28 Şubat sürecini hatırlatan Şentop, “Parlamenter sistem Türkiye’de bizim vesayet sistemi diye ifade ettiğimiz kayıt dışı siyaset yapan bürokratik unsurların siyasete müdahale etmesi, girmesine imkan sağlayan bir sistem olmuş. Parlamento üzerinde bir baskı kurulmuş. İstedikleri hükümeti kurup, istediklerini yıkmışlar. 28 Şubat'ta bu olayların aynısını yaşadık. Bunun sebebi hükümetin parlamento içinden çıkıyor olmasıdır. Biz halk olarak hükümeti seçmiyoruz, parlamentoyu seçiyoruz. Hükümet parlamentonun içinden çıkıyor, parlamento içi dengelere göre oluşuyor. O dengelere gücünüz varsa müdahale ettiğinizde hükümet kurup, düşürebiliyorsunuz. 28 Şubat’ta bunu gördük" diye konuştu. 

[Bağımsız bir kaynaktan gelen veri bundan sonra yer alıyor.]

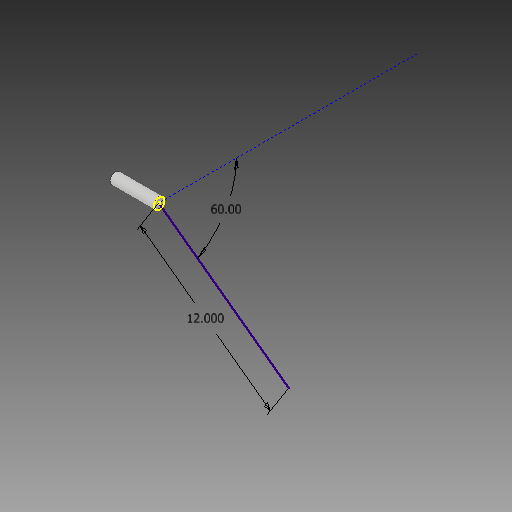
# Autodesk Inventor part: Sling
Saved by Autodesk Inventor 2019 (Build 230136000, 136)
## iProperties
Created: 2019-07-23
Part Number: Sling
Material: Generic
Document SubType Name: Modeling
Designer: AlphaGoldOmegaSilver
Density: 1 g/cm^3
Appearance: Default
Mass: 6.43518 g
Surface Area: 22.8018 cm^2
Volume: 6.43518 cm^3
Author: AlphaGoldOmegaSilver
Autodesk Inventor part; units mm, degrees
ref_plane "YZ Plane" through (0, 0, 0) normal (1, 0, 0) x (0, 1, 0)
ref_plane "XZ Plane" through (0, 0, 0) normal (0, 1, 0) x (-1, 0, 0)
ref_plane "XY Plane" through (0, 0, 0) normal (0, 0, 1) x (1, 0, 0)
sketch "Sketch1" plane through (0, 0, 0) normal (1, 0, 0) x (0, 1, 0)
  circle A0 centre (0, 0) radius 6.35
  dimension "d0" = 12.7
  constraints: 1 centre point, 1 coincident
  measures "d0" diameter of A0
extrude "Extrusion1" add sketch "Sketch1" along normal blind 50.8
sketch "Sketch2" plane through (50.8, 0, 0) normal (1, 0, 0) x (0, 0, -1)
  circle A0 centre (0, 0) radius 6.35 projected
  line L0 (0, 0) -> (152.4, -263.9645)
  line L1 (0, 0) -> (304.8, 0) construction
  dimension "d3" = 304.8
  dimension "d4" = 60
  constraints: 4 end point, 1 equal length, 1 horizontal
  measures "d3" distance of L0.start L0.end
  measures "d4" angle of L0 L1
body "Solid1"
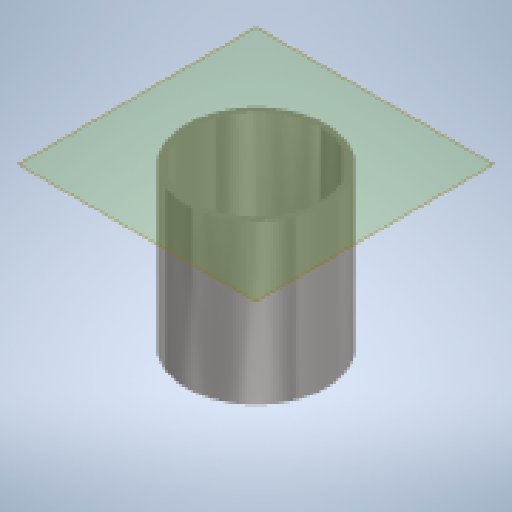
# Autodesk Inventor part: cylinder1
Saved by Autodesk Inventor 2025.2 (Build 292293000, 293)
## iProperties
Created: 2025-03-25
Part Number: cylinder1
Material: Steel, Mild
Document SubType Name: Modeling
Designer: bless
Density: 7.85 g/cm^3
Appearance: Semi-Polished
Author: bless
Autodesk Inventor part; units mm, degrees
ref_plane "YZ Plane" through (0, 0, 0) normal (1, 0, 0) x (0, 1, 0)
ref_plane "XZ Plane" through (0, 0, 0) normal (0, 1, 0) x (-1, 0, 0)
ref_plane "XY Plane" through (0, 0, 0) normal (0, 0, 1) x (1, 0, 0)
ref_plane "Work Plane1" through (-23.3137, -36.6379, -35.1056) normal (0, -1, 0) x (1, 0, 0)
sketch "Sketch1" plane through (-23.3137, -36.6379, -35.1056) normal (0, -1, 0) x (1, 0, 0)
  circle A0 centre (0, 0) radius 97
  circle A1 centre (0, 0) radius 89
  point P0 (23.3137, 35.1056)
  dimension "d0" = 194
  dimension "d1" = 178
  constraints: 2 centre point, 1 coincident
  measures "d0" diameter of A0
  measures "d1" diameter of A1
extrude "Extrusion1" add sketch "Sketch1" along normal blind 220
body "Solid1"
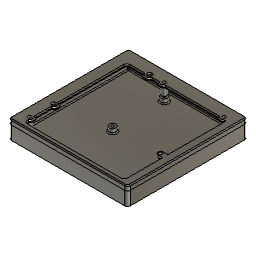
Lightroom-Macropad-Case (Autodesk Fusion 360 design; units mm, degrees)
Autodesk Fusion 360 part; units mm, degrees
(part 1 of 2)
sketch "BoardSVG" plane through (0, 0, 0) normal (0, 0, 1) x (1, 0, 0)
  ellipse E0 centre (-23.8658, -18.9665) end of major axis (-23.0959, -18.9665) minor radius 0.7699
  circle A0 centre (-23.8661, -18.9665) radius 0.5052
  ellipse E1 centre (-8.2045, -18.9665) end of major axis (-7.4346, -18.9665) minor radius 0.7699
  circle A1 centre (-8.2047, -18.9665) radius 0.5052
  ellipse E2 centre (-23.8658, -11.2672) end of major axis (-23.0959, -11.2672) minor radius 0.7699
  circle A2 centre (-23.8661, -11.2672) radius 0.5052
  ellipse E3 centre (-8.2045, -11.2672) end of major axis (-7.4346, -11.2672) minor radius 0.7699
  circle A3 centre (-8.2047, -11.2672) radius 0.5052
  ellipse E4 centre (-23.8658, -4.851) end of major axis (-23.0959, -4.851) minor radius 0.7699
  circle A4 centre (-23.8661, -4.851) radius 0.5052
  ellipse E5 centre (-8.2045, -4.851) end of major axis (-7.4346, -4.851) minor radius 0.7699
  circle A5 centre (-8.2047, -4.851) radius 0.5052
  ellipse E6 centre (-23.8658, 1.5651) end of major axis (-23.0959, 1.5651) minor radius 0.7699
  circle A6 centre (-23.8661, 1.5651) radius 0.5052
  ellipse E7 centre (-8.2045, 1.5651) end of major axis (-7.4346, 1.5651) minor radius 0.7699
  circle A7 centre (-8.2047, 1.5651) radius 0.5052
  ellipse E8 centre (66.4399, -35.8623) end of major axis (67.2482, -35.8623) minor radius 0.8083
  circle A8 centre (66.44, -35.8624) radius 0.4042
  ellipse E9 centre (74.7254, -35.8623) end of major axis (75.5338, -35.8623) minor radius 0.8083
  circle A9 centre (74.7254, -35.8624) radius 0.4042
  ellipse E10 centre (66.4399, -40.5676) end of major axis (67.2482, -40.5676) minor radius 0.8083
  circle A10 centre (66.44, -40.5676) radius 0.4042
  ellipse E11 centre (74.7254, -40.5676) end of major axis (75.5338, -40.5676) minor radius 0.8083
  circle A11 centre (74.7254, -40.5676) radius 0.4042
  ellipse E12 centre (66.4399, -45.2727) end of major axis (67.2482, -45.2727) minor radius 0.8083
  circle A12 centre (66.44, -45.2727) radius 0.4042
  ellipse E13 centre (74.7254, -45.2727) end of major axis (75.5338, -45.2727) minor radius 0.8083
  circle A13 centre (74.7254, -45.2727) radius 0.4042
  ellipse E14 centre (13.8275, 10.5477) end of major axis (14.6358, 10.5477) minor radius 0.8083
  circle A14 centre (13.8276, 10.5477) radius 0.4042
  ellipse E15 centre (22.113, 10.5477) end of major axis (22.9214, 10.5477) minor radius 0.8083
  circle A15 centre (22.113, 10.5477) radius 0.4042
  ellipse E16 centre (13.8275, 1.5651) end of major axis (14.6358, 1.5651) minor radius 0.8083
  circle A16 centre (13.8276, 1.5651) radius 0.4042
  ellipse E17 centre (22.113, 1.5651) end of major axis (22.9214, 1.5651) minor radius 0.8083
  circle A17 centre (22.113, 1.5651) radius 0.4042
  ellipse E18 centre (13.8275, -2.9262) end of major axis (14.6358, -2.9262) minor radius 0.8083
  circle A18 centre (13.8276, -2.9262) radius 0.4042
  ellipse E19 centre (22.113, -2.9262) end of major axis (22.9214, -2.9262) minor radius 0.8083
  circle A19 centre (22.113, -2.9262) radius 0.4042
  ellipse E20 centre (27.943, -45.2727) end of major axis (28.7513, -45.2727) minor radius 0.8083
  circle A20 centre (27.9431, -45.2727) radius 0.4042
  ellipse E21 centre (36.2286, -45.2727) end of major axis (37.0369, -45.2727) minor radius 0.8083
  circle A21 centre (36.2285, -45.2727) radius 0.4042
  ellipse E22 centre (27.943, -40.5674) end of major axis (28.7513, -40.5674) minor radius 0.8083
  circle A22 centre (27.9431, -40.5676) radius 0.4042
  ellipse E23 centre (36.2286, -40.5674) end of major axis (37.0369, -40.5674) minor radius 0.8083
  circle A23 centre (36.2285, -40.5676) radius 0.4042
  ellipse E24 centre (27.943, -31.1572) end of major axis (28.7513, -31.1572) minor radius 0.8083
  circle A24 centre (27.9431, -31.1572) radius 0.4042
  ellipse E25 centre (36.2286, -31.1572) end of major axis (37.0369, -31.1572) minor radius 0.8083
  circle A25 centre (36.2285, -31.1572) radius 0.4042
  ellipse E26 centre (27.943, -35.8623) end of major axis (28.7513, -35.8623) minor radius 0.8083
  circle A26 centre (27.9431, -35.8624) radius 0.4042
  ellipse E27 centre (36.2286, -35.8623) end of major axis (37.0369, -35.8623) minor radius 0.8083
  circle A27 centre (36.2285, -35.8624) radius 0.4042
  ellipse E28 centre (13.8275, -55.1107) end of major axis (14.6358, -55.1107) minor radius 0.8083
  circle A28 centre (13.8276, -55.1108) radius 0.4042
  ellipse E29 centre (22.113, -55.1107) end of major axis (22.9214, -55.1107) minor radius 0.8083
  circle A29 centre (22.113, -55.1108) radius 0.4042
  ellipse E30 centre (13.8275, -59.8161) end of major axis (14.6358, -59.8161) minor radius 0.8083
  circle A30 centre (13.8276, -59.816) radius 0.4042
  ellipse E31 centre (22.113, -59.8161) end of major axis (22.9214, -59.8161) minor radius 0.8083
  circle A31 centre (22.113, -59.816) radius 0.4042
  ellipse E32 centre (13.8275, -64.5212) end of major axis (14.6358, -64.5212) minor radius 0.8083
  circle A32 centre (13.8276, -64.5212) radius 0.4042
  ellipse E33 centre (22.113, -64.5212) end of major axis (22.9214, -64.5212) minor radius 0.8083
  circle A33 centre (22.113, -64.5212) radius 0.4042
  ellipse E34 centre (66.4399, -31.1572) end of major axis (67.2482, -31.1572) minor radius 0.8083
  circle A34 centre (66.44, -31.1572) radius 0.4042
  ellipse E35 centre (74.7254, -31.1572) end of major axis (75.5338, -31.1572) minor radius 0.8083
  circle A35 centre (74.7254, -31.1572) radius 0.4042
  ellipse E36 centre (13.8275, 6.0564) end of major axis (14.6358, 6.0564) minor radius 0.8083
  circle A36 centre (13.8276, 6.0564) radius 0.4042
  ellipse E37 centre (22.113, 6.0564) end of major axis (22.9214, 6.0564) minor radius 0.8083
  circle A37 centre (22.113, 6.0564) radius 0.4042
  ellipse E38 centre (13.8275, -50.4056) end of major axis (14.6358, -50.4056) minor radius 0.8083
  circle A38 centre (13.8276, -50.4056) radius 0.4042
  ellipse E39 centre (22.113, -50.4056) end of major axis (22.9214, -50.4056) minor radius 0.8083
  circle A39 centre (22.113, -50.4056) radius 0.4042
  ellipse E40 centre (-6.2799, -53.6137) end of major axis (-5.51, -53.6137) minor radius 0.7699
  circle A40 centre (-6.2797, -53.6137) radius 0.5052
  ellipse E41 centre (-21.941, -53.6137) end of major axis (-21.1711, -53.6137) minor radius 0.7699
  circle A41 centre (-21.9411, -53.6137) radius 0.5052
  ellipse E42 centre (17.9703, 16.1909) end of major axis (18.7402, 16.1909) minor radius 0.7699
  circle A42 centre (17.9703, 16.1909) radius 0.5052
  ellipse E43 centre (17.9703, 31.8522) end of major axis (18.7402, 31.8522) minor radius 0.7699
  circle A43 centre (17.9703, 31.8523) radius 0.5052
  ellipse E44 centre (-21.1682, -36.9317) end of major axis (-20.4609, -36.9317) minor radius 0.7073
  circle A44 centre (-21.1682, -36.9317) radius 0.4547
  ellipse E45 centre (-21.1682, -39.4982) end of major axis (-20.4609, -39.4982) minor radius 0.7073
  circle A45 centre (-21.1682, -39.4982) radius 0.4547
  ellipse E46 centre (3.2131, 40.7036) end of major axis (3.9204, 40.7036) minor radius 0.7073
  circle A46 centre (3.2131, 40.7036) radius 0.4547
  ellipse E47 centre (3.2131, 38.1372) end of major axis (3.9204, 38.1372) minor radius 0.7073
  circle A47 centre (3.2131, 38.1372) radius 0.4547
  ellipse E48 centre (17.9703, -15.1168) end of major axis (21.5067, -15.1168) minor radius 3.5365
  circle A48 centre (17.9703, -15.1168) radius 1.7965
  ellipse E49 centre (28.2361, 25.9465) end of major axis (29.4486, 25.9465) minor radius 1.2125
  circle A49 centre (28.2361, 25.9465) radius 0.8083
  ellipse E50 centre (34.6522, 28.5129) end of major axis (35.8647, 28.5129) minor radius 1.2125
  circle A50 centre (34.6522, 28.5129) radius 0.8083
  ellipse E51 centre (47.4845, 25.9465) end of major axis (48.697, 25.9465) minor radius 1.2125
  circle A51 centre (47.4845, 25.9465) radius 0.8083
  ellipse E52 centre (53.9007, 28.5129) end of major axis (55.1132, 28.5129) minor radius 1.2125
  circle A52 centre (53.9007, 28.5129) radius 0.8083
  ellipse E53 centre (-10.2608, -35.6485) end of major axis (-9.0483, -35.6485) minor radius 1.2125
  circle A53 centre (-10.2608, -35.6485) radius 0.8083
  ellipse E54 centre (-3.8446, -33.0821) end of major axis (-2.6321, -33.0821) minor radius 1.2125
  circle A54 centre (-3.8446, -33.0821) radius 0.8083
  ellipse E55 centre (8.9877, -35.6485) end of major axis (10.2002, -35.6485) minor radius 1.2125
  circle A55 centre (8.9877, -35.6485) radius 0.8083
  ellipse E56 centre (15.4038, -33.0821) end of major axis (16.6163, -33.0821) minor radius 1.2125
  circle A56 centre (15.4038, -33.0821) radius 0.8083
  ellipse E57 centre (66.733, -12.5504) end of major axis (67.9455, -12.5504) minor radius 1.2125
  circle A57 centre (66.733, -12.5504) radius 0.8083
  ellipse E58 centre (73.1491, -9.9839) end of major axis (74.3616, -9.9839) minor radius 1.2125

“BU SİSTEM İSTİKRARI KURUMSALLAŞTIRIYOR”

Başkanlık sisteminin artılarından bahseden Şentop, "Vesayetçi sistemi tasfiye etmenin yolu, dışarıdan müdahaleyle hükümet kurup, düşürmeyi engellemek, hükümeti doğrudan milletin seçmesini sağlamaktır. İşte bu yeni getirdiğimiz sistemin temel özelliği budur. Parlamentoyu ayrı seçiyoruz, hükümeti ayrı seçiyoruz, bunu doğrudan halk seçiyor. Bu sistemde müdahale edip, hükümet yıkma veya kurdurtma imkanı yok. Türkiye bu noktaya bu süreçleri yaşayarak geldi ve nihayetinde bu imkan ortaya çıktı ve bu sisteme geçildi. Cumhurbaşkanımız, ‘20 yıldır seçim kazanıyoruz, yönetiyoruz. Bu sistem içerisinde böyle devam edebilir’ diyebilirdi. Ama burada bir istikrar var ama bu istikrar şahsa bağlı. Bu sistem istikrarı kurumsallaştırıyor. Salgın süreci istikrarı zayıf olan ülkelerde başlangıçta çok daha kötü yaşandı. Başlangıçta, kısa süreli hükümetlerin çok sayıda partinin katıldığı koalisyonların olduğu hükümetler veya arka arkaya seçim yapmak zorunda kalan ülkeler salgın sürecini yönetmede sıkıntılar yaşadı. Dünyada da birçok Avrupa ülkesi dahi daha istikrarlı hükümet üretmenin yollarını tartışıyor, düşünüyor. Türkiye bir öngörüyle hareket etti. Bu sistem değişikliyle Türkiye, siyasi istikrarı kurumsallaştırdı ve kalıcı hale getirdi” ifadelerini kullandı. 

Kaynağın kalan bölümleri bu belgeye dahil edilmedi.